Lo que quisiera es que me orientaran en qué condensador, motor, generador debería comprar para que funcione bien el proyecto, no soy muy experimentado en esto de los circuitos, por eso pido su valiosa ayuda.

El año pasado hicieron la misma competencia(pero usando un solo litro de agua) y el que ganó llegó a unos 20-25 m, por lo que el carrito debería superar por bastante este recorrido, ya que ahora aumentó la cantidad de agua de 1 a 4 litros.

Gracias desde ya a todos


----------



## Fogonazo (Nov 21, 2009)

Yo te voy a dar otra idea.
Si en lugar de generar electricidad y con esta accionar un motor eléctrico, directamente accionas con el agua una pequeña turbina hidráulica (Motor Hidráulico) que impulse el carro.
Que ventaja le veo a esta opción, el Rendimiento.

Cada vez que conviertes un tipo de energía en otro, pierdes algo porque el rendimiento nunca llega a ser 1, con tu idea tienes:
Conversión Presión --> Velocidad (de agua)
Conversión Velocidad (De agua) --> Giro de turbina hidráulica
Conversión Giro turbina hidráulica --> Generación eléctrica
Conversión Electricidad --> Energía mecánica (Motor)
En cada paso perdiste "Algo" y que no es poco.


----------



## magagua (Nov 21, 2009)

Gracias Fogonazo por tu rapida respuesta

Me gusta esa idea, el problema que le veo es que entonces el carrito debería llevar encima los 4 litros de agua, y no se si la pequeña turbina hidraulica tendría la fuerza suficiente para mover el carrito con esos 4 litros (4L en principio, ya que se podrian ir tirando en el camino a medida que se usan)
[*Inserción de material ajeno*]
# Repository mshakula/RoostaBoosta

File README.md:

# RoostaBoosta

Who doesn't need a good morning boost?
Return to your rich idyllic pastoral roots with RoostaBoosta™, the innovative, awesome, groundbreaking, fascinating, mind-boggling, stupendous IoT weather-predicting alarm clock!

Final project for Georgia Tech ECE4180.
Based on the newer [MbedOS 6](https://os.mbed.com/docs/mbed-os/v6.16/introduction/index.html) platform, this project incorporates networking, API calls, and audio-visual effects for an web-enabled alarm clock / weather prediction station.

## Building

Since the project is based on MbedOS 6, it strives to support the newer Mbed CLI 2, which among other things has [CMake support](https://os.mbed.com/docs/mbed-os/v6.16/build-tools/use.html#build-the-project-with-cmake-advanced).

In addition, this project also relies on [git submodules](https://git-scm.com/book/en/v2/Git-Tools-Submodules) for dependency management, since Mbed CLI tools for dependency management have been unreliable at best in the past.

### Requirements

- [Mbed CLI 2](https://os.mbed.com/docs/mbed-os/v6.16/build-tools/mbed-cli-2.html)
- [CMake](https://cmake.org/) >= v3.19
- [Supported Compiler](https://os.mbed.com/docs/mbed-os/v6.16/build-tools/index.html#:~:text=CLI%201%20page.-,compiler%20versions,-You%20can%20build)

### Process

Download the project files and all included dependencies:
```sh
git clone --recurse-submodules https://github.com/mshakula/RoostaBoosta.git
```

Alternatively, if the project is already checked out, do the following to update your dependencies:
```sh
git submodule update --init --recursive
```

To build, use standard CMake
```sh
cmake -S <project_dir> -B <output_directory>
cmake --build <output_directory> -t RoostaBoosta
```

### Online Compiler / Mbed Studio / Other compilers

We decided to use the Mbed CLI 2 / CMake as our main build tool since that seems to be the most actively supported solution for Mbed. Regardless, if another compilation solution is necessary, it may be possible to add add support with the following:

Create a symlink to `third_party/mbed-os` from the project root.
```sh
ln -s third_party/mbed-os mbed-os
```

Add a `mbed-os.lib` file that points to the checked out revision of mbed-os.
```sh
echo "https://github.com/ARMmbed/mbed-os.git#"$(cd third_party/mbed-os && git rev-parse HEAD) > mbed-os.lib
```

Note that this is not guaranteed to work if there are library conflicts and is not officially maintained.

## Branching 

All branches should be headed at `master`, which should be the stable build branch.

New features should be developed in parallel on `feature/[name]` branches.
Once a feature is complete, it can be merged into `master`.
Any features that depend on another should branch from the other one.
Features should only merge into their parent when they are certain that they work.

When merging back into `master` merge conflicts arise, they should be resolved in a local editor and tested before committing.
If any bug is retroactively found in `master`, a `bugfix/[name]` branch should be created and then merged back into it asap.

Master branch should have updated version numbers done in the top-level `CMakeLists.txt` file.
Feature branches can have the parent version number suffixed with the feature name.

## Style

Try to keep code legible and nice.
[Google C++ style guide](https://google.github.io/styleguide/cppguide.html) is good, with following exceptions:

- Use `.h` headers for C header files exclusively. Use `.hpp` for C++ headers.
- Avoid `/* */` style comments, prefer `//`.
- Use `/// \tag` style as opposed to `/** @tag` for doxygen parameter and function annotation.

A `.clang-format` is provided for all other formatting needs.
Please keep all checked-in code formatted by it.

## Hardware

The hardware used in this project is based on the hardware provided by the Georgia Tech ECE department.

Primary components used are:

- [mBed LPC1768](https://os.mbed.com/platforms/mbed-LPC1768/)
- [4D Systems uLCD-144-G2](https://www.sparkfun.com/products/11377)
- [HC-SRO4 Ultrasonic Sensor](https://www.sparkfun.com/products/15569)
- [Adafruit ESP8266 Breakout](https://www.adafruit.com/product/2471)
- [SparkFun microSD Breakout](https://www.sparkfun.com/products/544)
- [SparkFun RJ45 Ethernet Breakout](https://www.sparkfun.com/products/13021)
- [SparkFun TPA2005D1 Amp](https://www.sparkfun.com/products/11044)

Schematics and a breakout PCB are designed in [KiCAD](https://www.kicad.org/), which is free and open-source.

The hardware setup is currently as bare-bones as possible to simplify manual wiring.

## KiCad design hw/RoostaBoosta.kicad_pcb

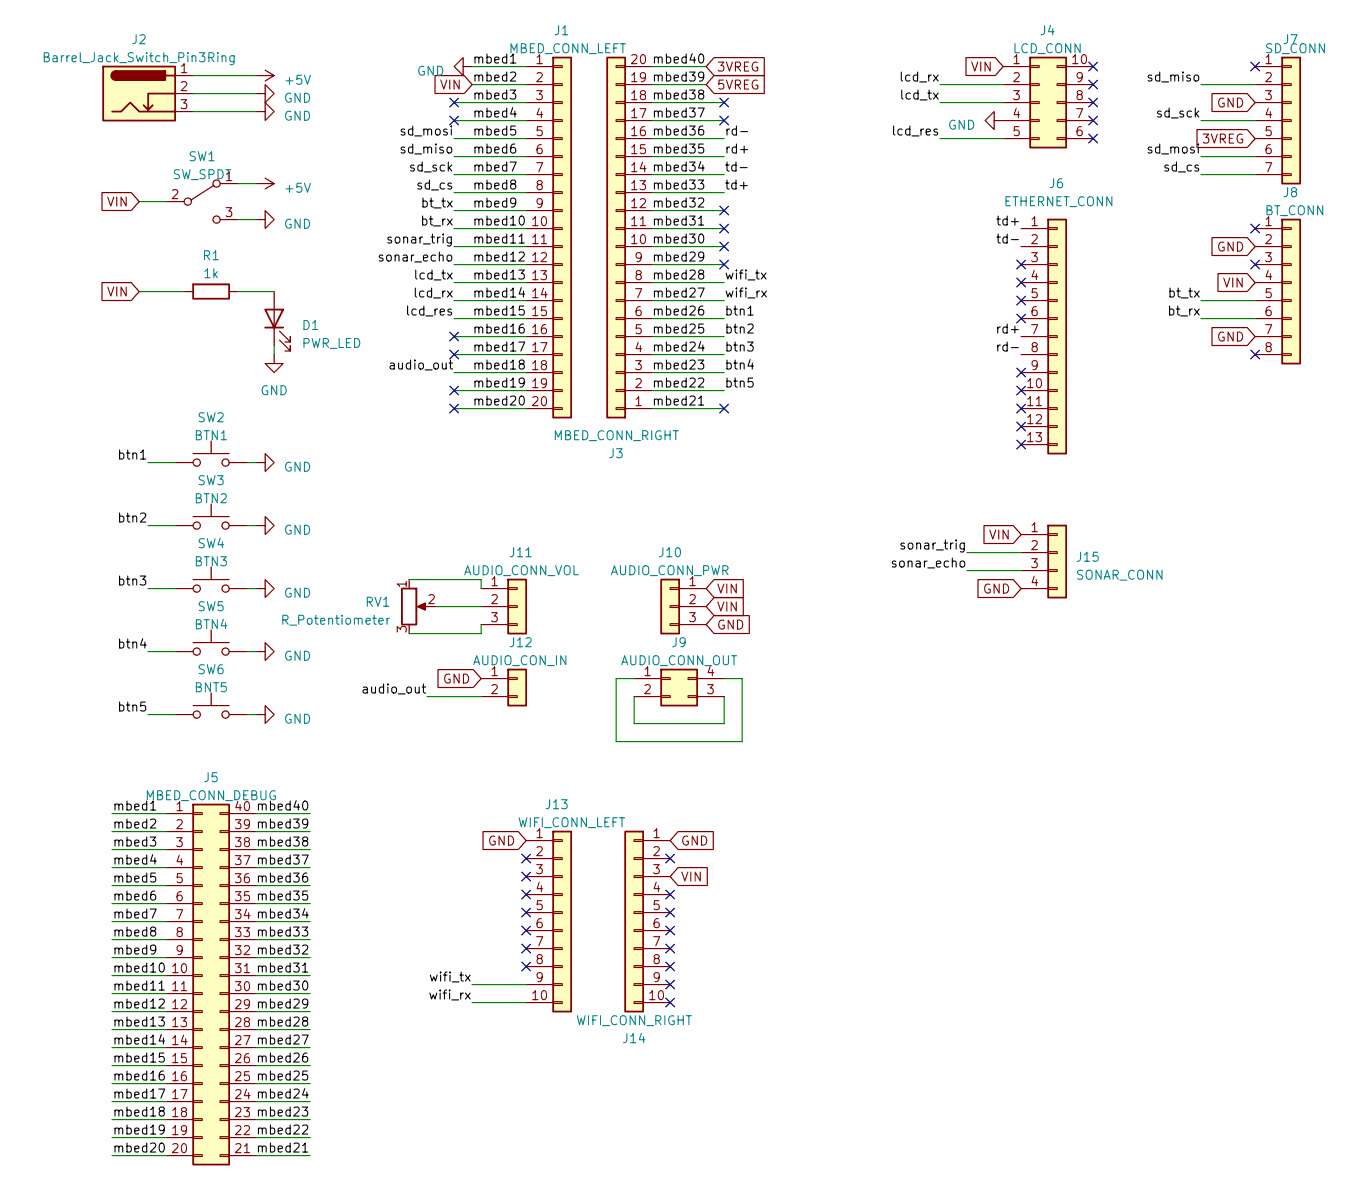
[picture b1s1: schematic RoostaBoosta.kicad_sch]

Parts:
D1: PWR_LED; LED_D1.8mm_W3.3mm_H2.4mm
J1: MBED_CONN_LEFT; PinHeader_1x20_P2.54mm_Vertical
J2: Barrel_Jack_Switch_Pin3Ring; BarrelJack_Horizontal
J3: MBED_CONN_RIGHT; PinHeader_1x20_P2.54mm_Vertical
J4: LCD_CONN; PinSocket_2x05_P2.54mm_Vertical
J5: MBED_CONN_DEBUG; PinHeader_2x20_P2.54mm_Vertical
J6: ETHERNET_CONN; PinSocket_1x13_P2.54mm_Vertical
J7: SD_CONN; PinSocket_1x07_P2.54mm_Vertical
J8: BT_CONN; PinSocket_1x08_P2.54mm_Vertical
J9: AUDIO_CONN_OUT; PinSocket_2x02_P2.54mm_Vertical
J10: AUDIO_CONN_PWR; PinSocket_1x03_P2.54mm_Vertical
J11: AUDIO_CONN_VOL; PinSocket_1x03_P2.54mm_Vertical
J12: AUDIO_CON_IN; PinSocket_1x02_P2.54mm_Vertical
J13: WIFI_CONN_LEFT; PinSocket_1x10_P2.54mm_Vertical
J14: WIFI_CONN_RIGHT; PinSocket_1x10_P2.54mm_Vertical
J15: SONAR_CONN; PinSocket_1x04_P2.54mm_Vertical
R1: 1k; R_Axial_DIN0207_L6.3mm_D2.5mm_P10.16mm_Horizontal
RV1: R_Potentiometer; Potentiometer_ACP_CA6-H2,5_Horizontal
SW1: SW_SPDT; SW_Slide_1P2T_CK_OS102011MS2Q
SW2: BTN1; SW_PUSH_6mm
SW3: BTN2; SW_PUSH_6mm
SW4: BTN3; SW_PUSH_6mm
SW5: BTN4; SW_PUSH_6mm
SW6: BNT5; SW_PUSH_6mm

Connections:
3VREG: J3.20, J5.40, J7.5
5VREG: J3.19, J5.39
+5V: J2.1, SW1.1 (A)
/audio_out: J1.18, J5.18, J12.2
/bt_rx: J1.10, J5.10, J8.6
/bt_tx: J1.9, J5.9, J8.5
/btn1: J3.6, J5.26, SW2.1
/btn2: J3.5, J5.25, SW3.1
/btn3: J3.4, J5.24, SW4.1
/btn4: J3.3, J5.23, SW5.1
/btn5: J3.2, J5.22, SW6.1
/lcd_res: J1.15, J4.5, J5.15
/lcd_rx: J1.14, J4.2, J5.14
/lcd_tx: J1.13, J4.3, J5.13
/mbed3: J1.3, J5.3
/mbed4: J1.4, J5.4
/mbed5: J1.5, J5.5, J7.6
/mbed6: J1.6, J5.6, J7.2
/mbed7: J1.7, J5.7, J7.4
/mbed8: J1.8, J5.8, J7.7
/mbed11: J1.11, J5.11, J15.2
/mbed12: J1.12, J5.12, J15.3
/mbed16: J1.16, J5.16
/mbed17: J1.17, J5.17
/mbed19: J1.19, J5.19
/mbed20: J1.20, J5.20
/mbed21: J3.1, J5.21
/mbed27: J3.7, J5.27, J13.10
/mbed28: J3.8, J5.28, J13.9
/mbed29: J3.9, J5.29
/mbed30: J3.10, J5.30
/mbed31: J3.11, J5.31
/mbed32: J3.12, J5.32
/mbed33: J3.13, J5.33, J6.1
/mbed34: J3.14, J5.34, J6.2
/mbed35: J3.15, J5.35, J6.7
/mbed36: J3.16, J5.36, J6.8
/mbed37: J3.17, J5.37
/mbed38: J3.18, J5.38
GND: D1.1 (K), J1.1, J2.2, J2.3, J4.4, J5.1, J7.3, J8.2, J8.7, J10.3, J12.1, J13.1, J14.1, J15.4, SW1.3 (C), SW2.2, SW3.2, SW4.2, SW5.2, SW6.2
unnamed: D1.2 (A), R1.1
unnamed: J9.1, J9.4
unnamed: J9.2, J9.3
unnamed: J11.1, RV1.1
unnamed: J11.2, RV1.2
unnamed: J11.3, RV1.3
VIN: J1.2, J4.1, J5.2, J8.4, J10.1, J10.2, J14.3, J15.1, R1.2, SW1.2 (B)

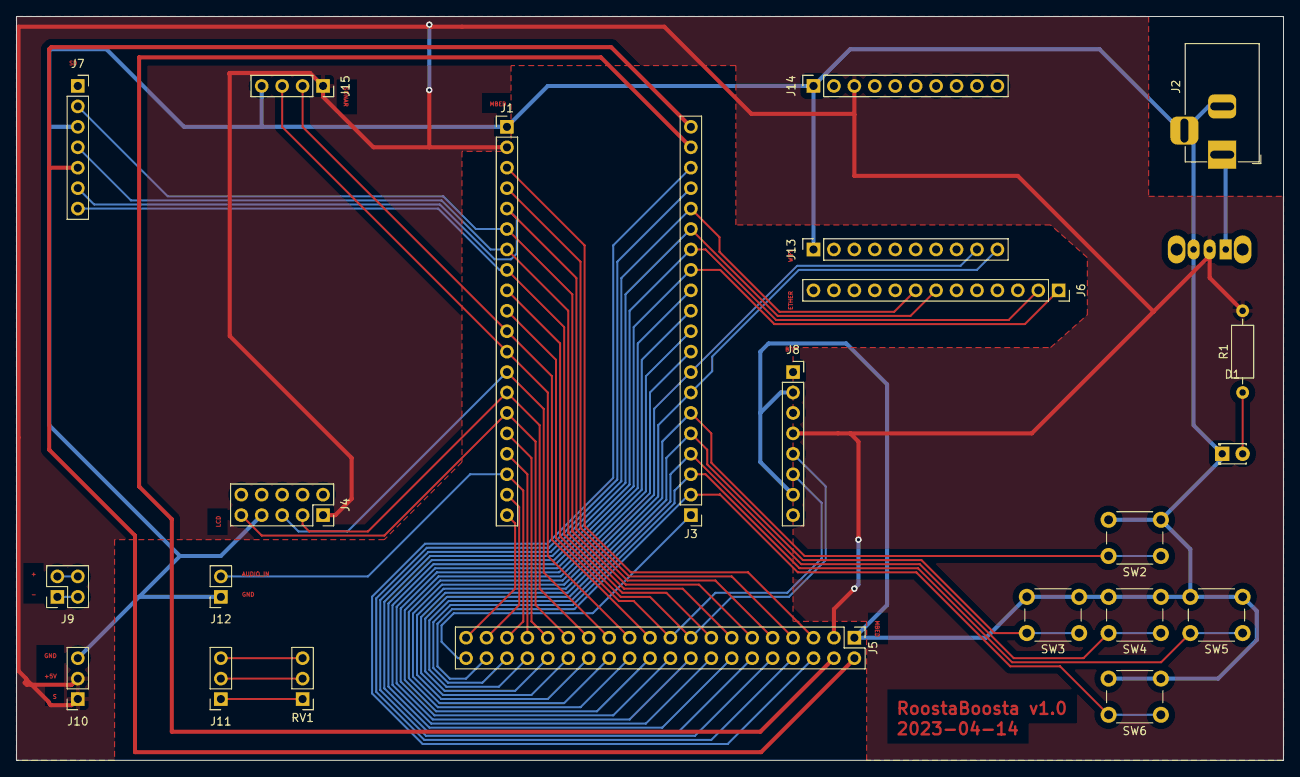
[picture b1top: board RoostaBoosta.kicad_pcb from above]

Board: 2 copper layers, 157.5 x 92.5 mm, 24 parts (1 on the bottom side), 47 nets.

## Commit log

2023-04-11 Added README.md
2023-04-12 Added initial project structure, with robust CMake + Mbed CLI 2 support.
2023-04-12 Added compile commands and bumped version to v0.0.1.
2023-04-12 feature/LCD-Patch:
    Added gitmodule for LCD library.
2023-04-13 Tests if LCD can print and clear
2023-04-16 hardware:
    Created v1.0 schematic and PCB design.
2023-04-18 Test for lcd working
2023-04-19 first working build of esp8266 lib. TODO: cleanup command send and implement http get requests
2023-04-20 hardware
    Added pinout header file for v1.0.
2023-04-22 Implemented display_weather fuction
2023-04-22 Added LCD display_weather function
2023-04-22 Formatting changes, fixed Mbed typo, minor other changes.
2023-04-22 Bumped LCD library version.
2023-04-22 Added DMA-based audio player and SD card support.
2023-04-22 Added music playing mutex. Changed music player to C-linkage.
2023-04-22 Added more interestring audio demo.
2023-04-22 Increased SD transfer frequency, fixed newline ordering.
2023-04-22 Fixed re-entrance issue, where playMusic() would stall when entering a second time.
2023-04-23 Ready for Testing
2023-04-23 refactor wificlient, use serial filestream to transmit data to esp8266
2023-04-24 first look at ethernet http requests
2023-04-24 Added audio_player files
2023-04-24 Fixed stereo/mono audio player issue. Fixed weather audio demo path generation. Changed weather_data* to a C structure. Formatting.
2023-04-25 update http request to use const char when appropriate
2023-04-25 wifi working interface with struct
2023-04-26 Formatting, and fixed weather string ownership. Made positive c++ changes.
2023-04-26 fixed "nintey zero" and added play_alarm()
2023-04-27 Merged #5 (audio_patch).
    Fixed "nintey zero" error.
    Fixed C-linkage previosly broken.
2023-04-27 Still non-functional. May rework to do async API, like I originally wanted to.
2023-04-27 Added skeletal HTTPClient implementation.
2023-04-28 Display_Time function added, accepts chrono::system_clock
2023-04-28 Display_Time function added, accepts chrono::system_clock, cleaner main
2023-04-28 addes Is_Snoozed, ready to be tested
2023-04-28 Sonar working, Is_Snoozed() returns true if someting is withing 10cm of sonar
2023-04-30 Added HTTP serialization.
2023-04-30 Fixed HTTPSerialization compile issues.
2023-04-30 Added serialization for HTTPRequest.
2023-05-01 Further iteration... compiles fully so far.
2023-05-01 Finished serialization... it works.
2023-05-01 Removed debug statements.
2023-05-02 Temporary async HTTP commit to save progress.
2023-05-02 Defined async request api.
2023-05-02 Some temporary improvements on WifiClient.
2023-05-02 minimum viable product release
2023-05-02 Remade WifiClient compiles...

Gracias por tu respuesta, espero me indiques si es factible hacerlo de esta forma


----------



## Fogonazo (Nov 21, 2009)

magagua dijo:


> ...el problema que le veo es que entonces el carrito debería llevar encima los 4 litros de agua


Si no entendí mal, el agua debe ir sobre el carrito, o ¿ Como lo propulsa por reacción si no esta sobre el carrito ?


> y no se si la pequeña turbina hidraulica tendría la fuerza suficiente para mover el carrito con esos 4 litros (4L en principio, ya que se podrian ir tirando en el camino a medida que se usan).....


A medida que transcurre el tiempo pasan 2 cosas, el carrito se acelera y al mismo tiempo pierde peso, por lo que la aceleración debería ir en aumento.


----------



## tecnogirl (Nov 23, 2009)

magagua: Unas reflexiones generales en cuanto al proyecto del coche impulsado con agua:

a. Empleando agua y aire comprimido. Se emplea la propiedad del gas (aire) de ser comprimido y como consecuencia eleva la presion sobre las paredes del recipiente que lo contiene y el agua. Esta ultima, al ser un liquido es empujada fuera del recipiente atraves de la boquilla de salida y produce un empuje sobre el coche que por el principio de accion reaccion que descubrio Isaac Newton, ejerce una fuerza sobre el coche, moviendolo.

b. Aprovechando la energia potencial. Lo que muestra el video y lo que te propone Fogonazo, hace uso de la energia almacenada por el agua por estar elevada respecto del suelo para convertirlo en movimiento.

c. Propulsor de CO2. Es como el propulsor de agua a presion solo que en este caso se usa "hielo seco" (Dioxido de carbono solido) en lugar del aire. El hielo seco se parte y se pone dentro de la botella. Cuando vas a arrancar el coche pones agua dentro de la botella y la tapas. La tapa tiene un pequeño orificio de salida. El "hielo seco" entra en contacto con el agua produce una acelerada evaporacion del "hielo seco" liberando gas CO2 que aumenta de presion y sale expulsado por el orificio de la tapa moviendo el coche 
[*].

d. Potencial fisico. Otra forma de mover el coche es mediante el motor a vapor de Watson. Esta fue la maquina base para la industrializacion. En un recipiente metalico lleno de agua con un peque¤o orificio de salida, lo calientas con un poco de kerosene, petroleo o alcohol. Cuando el agua hierva, el vapor escapa por el desfogue ejerciendo un empuje sobre el coche. 
[*]

e. Potencial quimico. Aprovechas las propiedades quimicas del agua. Tomas un
pequeño bote de oxigeno y otro con hidrogeno y los conectas a una boquilla. Ambos botes tienen valvulas que abres al momento de poner en marcha el coche. Con una pequeña chispa en la boquilla, obtendras una poderosa reaccion que produce un empuje de los mas poderosos que existen y dependiendo del tamaño de los botes, te aseguro que ganarás. Estos motores a propulsion se emplean en naves espaciales y satelites y solo dejan como producto de la combustion, agua quimicamente pura. 
[*]

[*] NOTA: No intentes esto en casa, si no tienes conocimiento y/o experiencia.
Salu2.


----------